Sie erschrak beinahe, als er sie plötzlich mit einem Liebeswort ansprach,
und sie erstaunte, daß sie die zärtlichen Minuten und ihr Versprechen beinahe
vergessen hatte. Wie fremd ihr alles hier plötzlich geworden war in dieser
dumpfen, beengenden Umgebung, was ihr früher die jähe Impulsivkraft einer
Rauschstimmung entlockt hatte. Sie sah ihn an, ganz vorsichtig von der Seite.

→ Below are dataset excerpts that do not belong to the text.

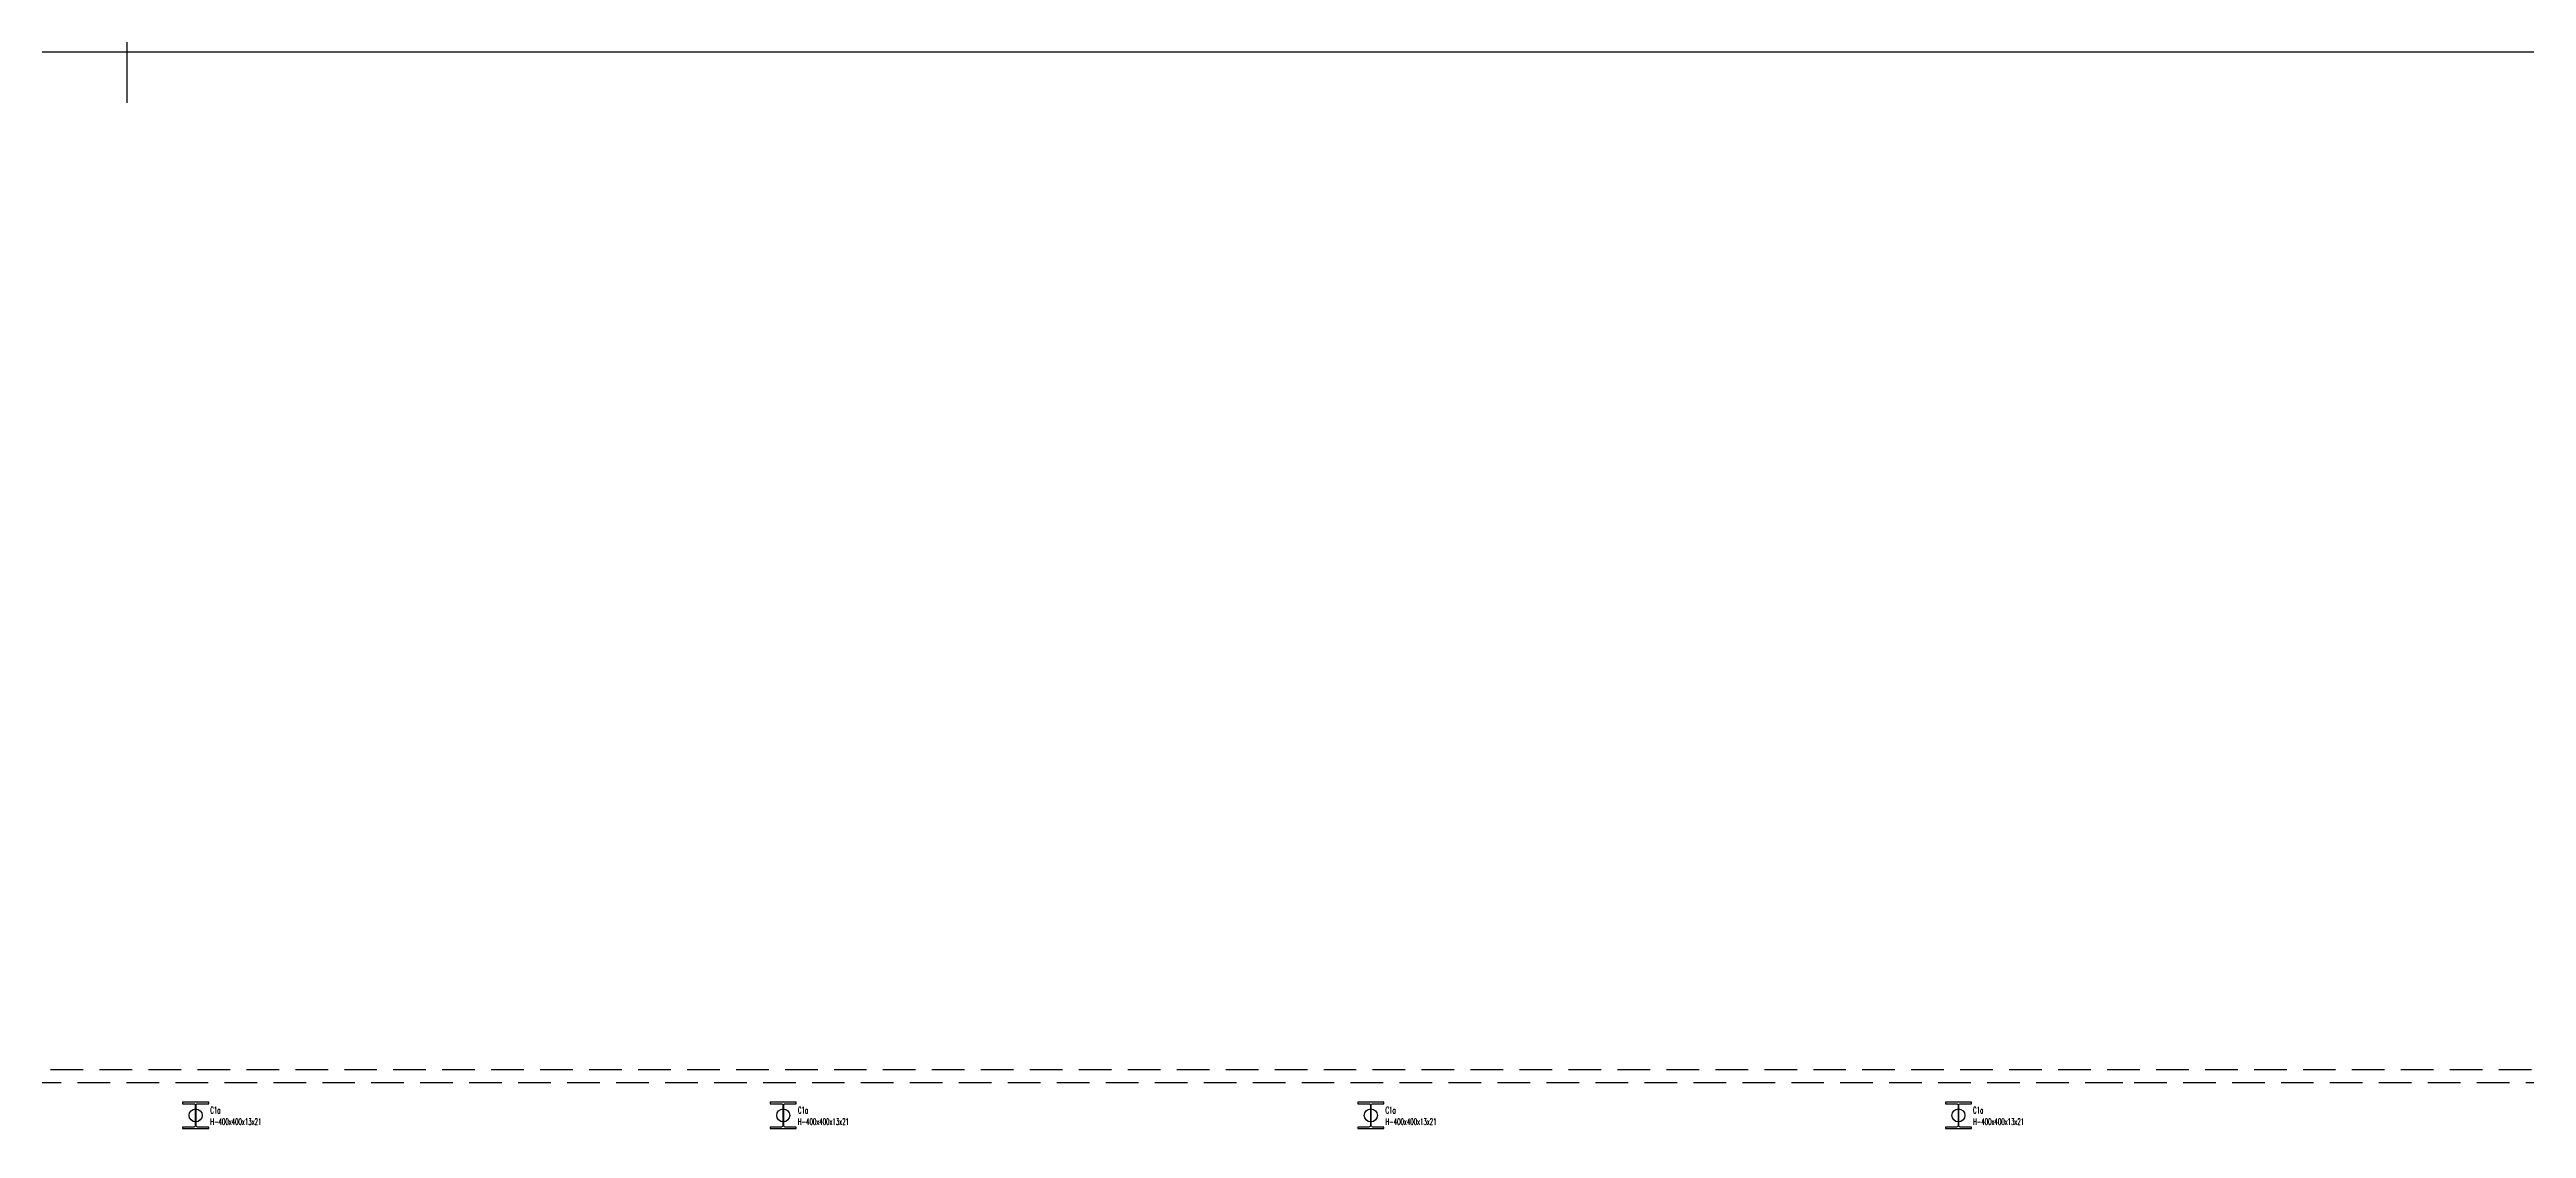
# Model space of a CAD drawing. Header units: millimetres. Extents: x 10462777 to 22643323, y 453826 to 1389191.
# Drawn here: x 11450135 to 11488073, y 590207 to 606721 of the extents above; entities that cross this region are included whole.
import ezdxf
from ezdxf.enums import TextEntityAlignment as Align

# ---------------------------------------------------------------- set-up
doc = ezdxf.new("R2010")
doc.units = ezdxf.units.MM
doc.header["$LTSCALE"] = 200
doc.header["$MEASUREMENT"] = 0
doc.linetypes.add('HIDDEN', pattern=[3.75, 2.5, -1.25])
for name, color, linetype in [('CEN', 1, 'CONTINUOUS'), ('COL', 2, 'CONTINUOUS'), ('panel', 4, 'CONTINUOUS'), ('tab6', 5, 'HIDDEN')]:
    doc.layers.add(name, color=color, linetype=linetype)
doc.layers.add('No_Print', color=153, linetype='CONTINUOUS', plot=False)
doc.styles.add('HYwulM', font='txt.shx ', dxfattribs={"bigfont": ' whgtxt.shx'})

msp = doc.modelspace()

# ---------------------------------------------------------------- linework, layer by layer
at = {"layer": 'CEN', "color": 253}
msp.add_line((11451323.2949, 605907.23366), (11451323.2949, 623017.40711), dxfattribs=at)
at = {"layer": 'COL', "color": 253}
for points in [[(11452366.7949, 590250.23366, -0.4142135624), (11452344.7949, 590228.23366), (11452173.2949, 590228.23366), (11452173.2949, 590207.23366), (11452573.2949, 590207.23366), (11452573.2949, 590228.23366), (11452401.7949, 590228.23366, -0.4142135624), (11452379.7949, 590250.23366), (11452379.7949, 590564.23366, -0.4142135624), (11452401.7949, 590586.23366), (11452573.2949, 590586.23366), (11452573.2949, 590607.23366), (11452173.2949, 590607.23366), (11452173.2949, 590586.23366), (11452344.7949, 590586.23366, -0.4142135624), (11452366.7949, 590564.23366)], [(11461366.7949, 590250.23366, -0.4142135624), (11461344.7949, 590228.23366), (11461173.2949, 590228.23366), (11461173.2949, 590207.23366), (11461573.2949, 590207.23366), (11461573.2949, 590228.23366), (11461401.7949, 590228.23366, -0.4142135624), (11461379.7949, 590250.23366), (11461379.7949, 590564.23366, -0.4142135624), (11461401.7949, 590586.23366), (11461573.2949, 590586.23366), (11461573.2949, 590607.23366), (11461173.2949, 590607.23366), (11461173.2949, 590586.23366), (11461344.7949, 590586.23366, -0.4142135624), (11461366.7949, 590564.23366)], [(11470366.7949, 590250.23366, -0.4142135624), (11470344.7949, 590228.23366), (11470173.2949, 590228.23366), (11470173.2949, 590207.23366), (11470573.2949, 590207.23366), (11470573.2949, 590228.23366), (11470401.7949, 590228.23366, -0.4142135624), (11470379.7949, 590250.23366), (11470379.7949, 590564.23366, -0.4142135624), (11470401.7949, 590586.23366), (11470573.2949, 590586.23366), (11470573.2949, 590607.23366), (11470173.2949, 590607.23366), (11470173.2949, 590586.23366), (11470344.7949, 590586.23366, -0.4142135624), (11470366.7949, 590564.23366)], [(11479366.7949, 590250.23366, -0.4142135624), (11479344.7949, 590228.23366), (11479173.2949, 590228.23366), (11479173.2949, 590207.23366), (11479573.2949, 590207.23366), (11479573.2949, 590228.23366), (11479401.7949, 590228.23366, -0.4142135624), (11479379.7949, 590250.23366), (11479379.7949, 590564.23366, -0.4142135624), (11479401.7949, 590586.23366), (11479573.2949, 590586.23366), (11479573.2949, 590607.23366), (11479173.2949, 590607.23366), (11479173.2949, 590586.23366), (11479344.7949, 590586.23366, -0.4142135624), (11479366.7949, 590564.23366)]]:
    msp.add_lwpolyline(points, format="xyb", close=True, dxfattribs=at)
at = {"layer": 'No_Print', "color": 253}
for centre in [(11452373.2949, 590407.23366), (11461373.2949, 590407.23366), (11470373.2949, 590407.23366), (11479373.2949, 590407.23366)]:
    msp.add_circle(centre, 100, dxfattribs=at)
at = {"layer": 'panel', "color": 253}
msp.add_line((11488648.2949, 606682.23366), (11441098.2949, 606682.23366), dxfattribs=at)
at = {"layer": 'tab6', "color": 253}
for p, q in [((11436650.7949, 591107.23366), (11497563.67703, 591107.23366)), ((11497563.67703, 590907.23366), (11436650.7949, 590907.23366)), ((11481889.2949, 590907.23366), (11481289.2949, 590907.23366))]:
    msp.add_line(p, q, dxfattribs=at)

# ---------------------------------------------------------------- texts
at = {"layer": 'No_Print', "color": 253, "style": 'HYwulM', "width": 0.5}
for s, p in [('C1a', (11452597.12968, 590486.34295)), ('H-400x400x13x21', (11452597.12968, 590310.33283)), ('C1a', (11461597.12968, 590486.34295)), ('H-400x400x13x21', (11461597.12968, 590310.33283)), ('C1a', (11470597.12968, 590486.34295)), ('H-400x400x13x21', (11470597.12968, 590310.33283)), ('C1a', (11479597.12968, 590486.34295)), ('H-400x400x13x21', (11479597.12968, 590310.33283))]:
    msp.add_text(s, height=100, dxfattribs=at).set_placement(p, align=Align.MIDDLE_LEFT)

doc.saveas('drawing.dxf')

Seine Stirne war kraftvoll gefaltet, und um den Mund lag die Ruhe eines
Selbstsicheren, alles war unbeugsame und selbstgefällige Männlichkeit in
seinem Gesichtsausdruck. Nirgends die sanfte Melancholie, die sonst seine
Kräfte in eine schöne Harmonie bannte, nur triumphierende Härte, die
vielleicht eine lauernde Sinnlichkeit war. Langsam wandte Erika den Blick. –
Noch nie war er ihr so fremd und so ferne gewesen wie in diesem
Augenblick.
Und plötzlich hatte sie Angst, tolle, unbändige Angst! Mit einem Male
wachten tausend erschreckte Stimmen in ihr auf, die warnten und lärmten und
sich selbst überschrieen. Was sollte jetzt kommen? Sie fühlte es nur dunkel,
denn sie wagte es nicht auszudenken. Alles empörte sich in ihr gegen das
Versprechen, das ihr eine Minute der Schwäche entrissen hatte, und ihre heiße
Scham brannte wie eine Wunde. Sie war nie sinnlich gewesen, das spürte sie
nun in allen Tiefen ihres Herzens, sie hatte kein Begehren nach einem Manne,
nur Abscheu vor der brutalen, zwingenden Macht. Nur Ekel empfand sie in
diesem Augenblick, und alles verfinsterte sich vor ihren Blicken und bekam
eine häßliche und niedrige Bedeutung; der leise Armdruck, den sie fühlte, die
Liebespaare, die im Nebel auftauchten und sich wieder verloren, jeder
zufällige Blick, der sie im Vorübergehen traf. Deutlich und zornig klopfte ihr
Blut an den schmerzenden Schläfen.
Mit einem Male ward ihr die tiefe Schmerzlichkeit ihrer Liebe bewußt, die
unter den Enttäuschungen bebte, wie unter züchtigenden Schlägen. Was
immer geschehen war, mußte wieder Erlebnis werden. Die Sinnlichkeit des
Mannes mordete die sanfte Liebe des Mädchens und ihre heiligsten Schauer.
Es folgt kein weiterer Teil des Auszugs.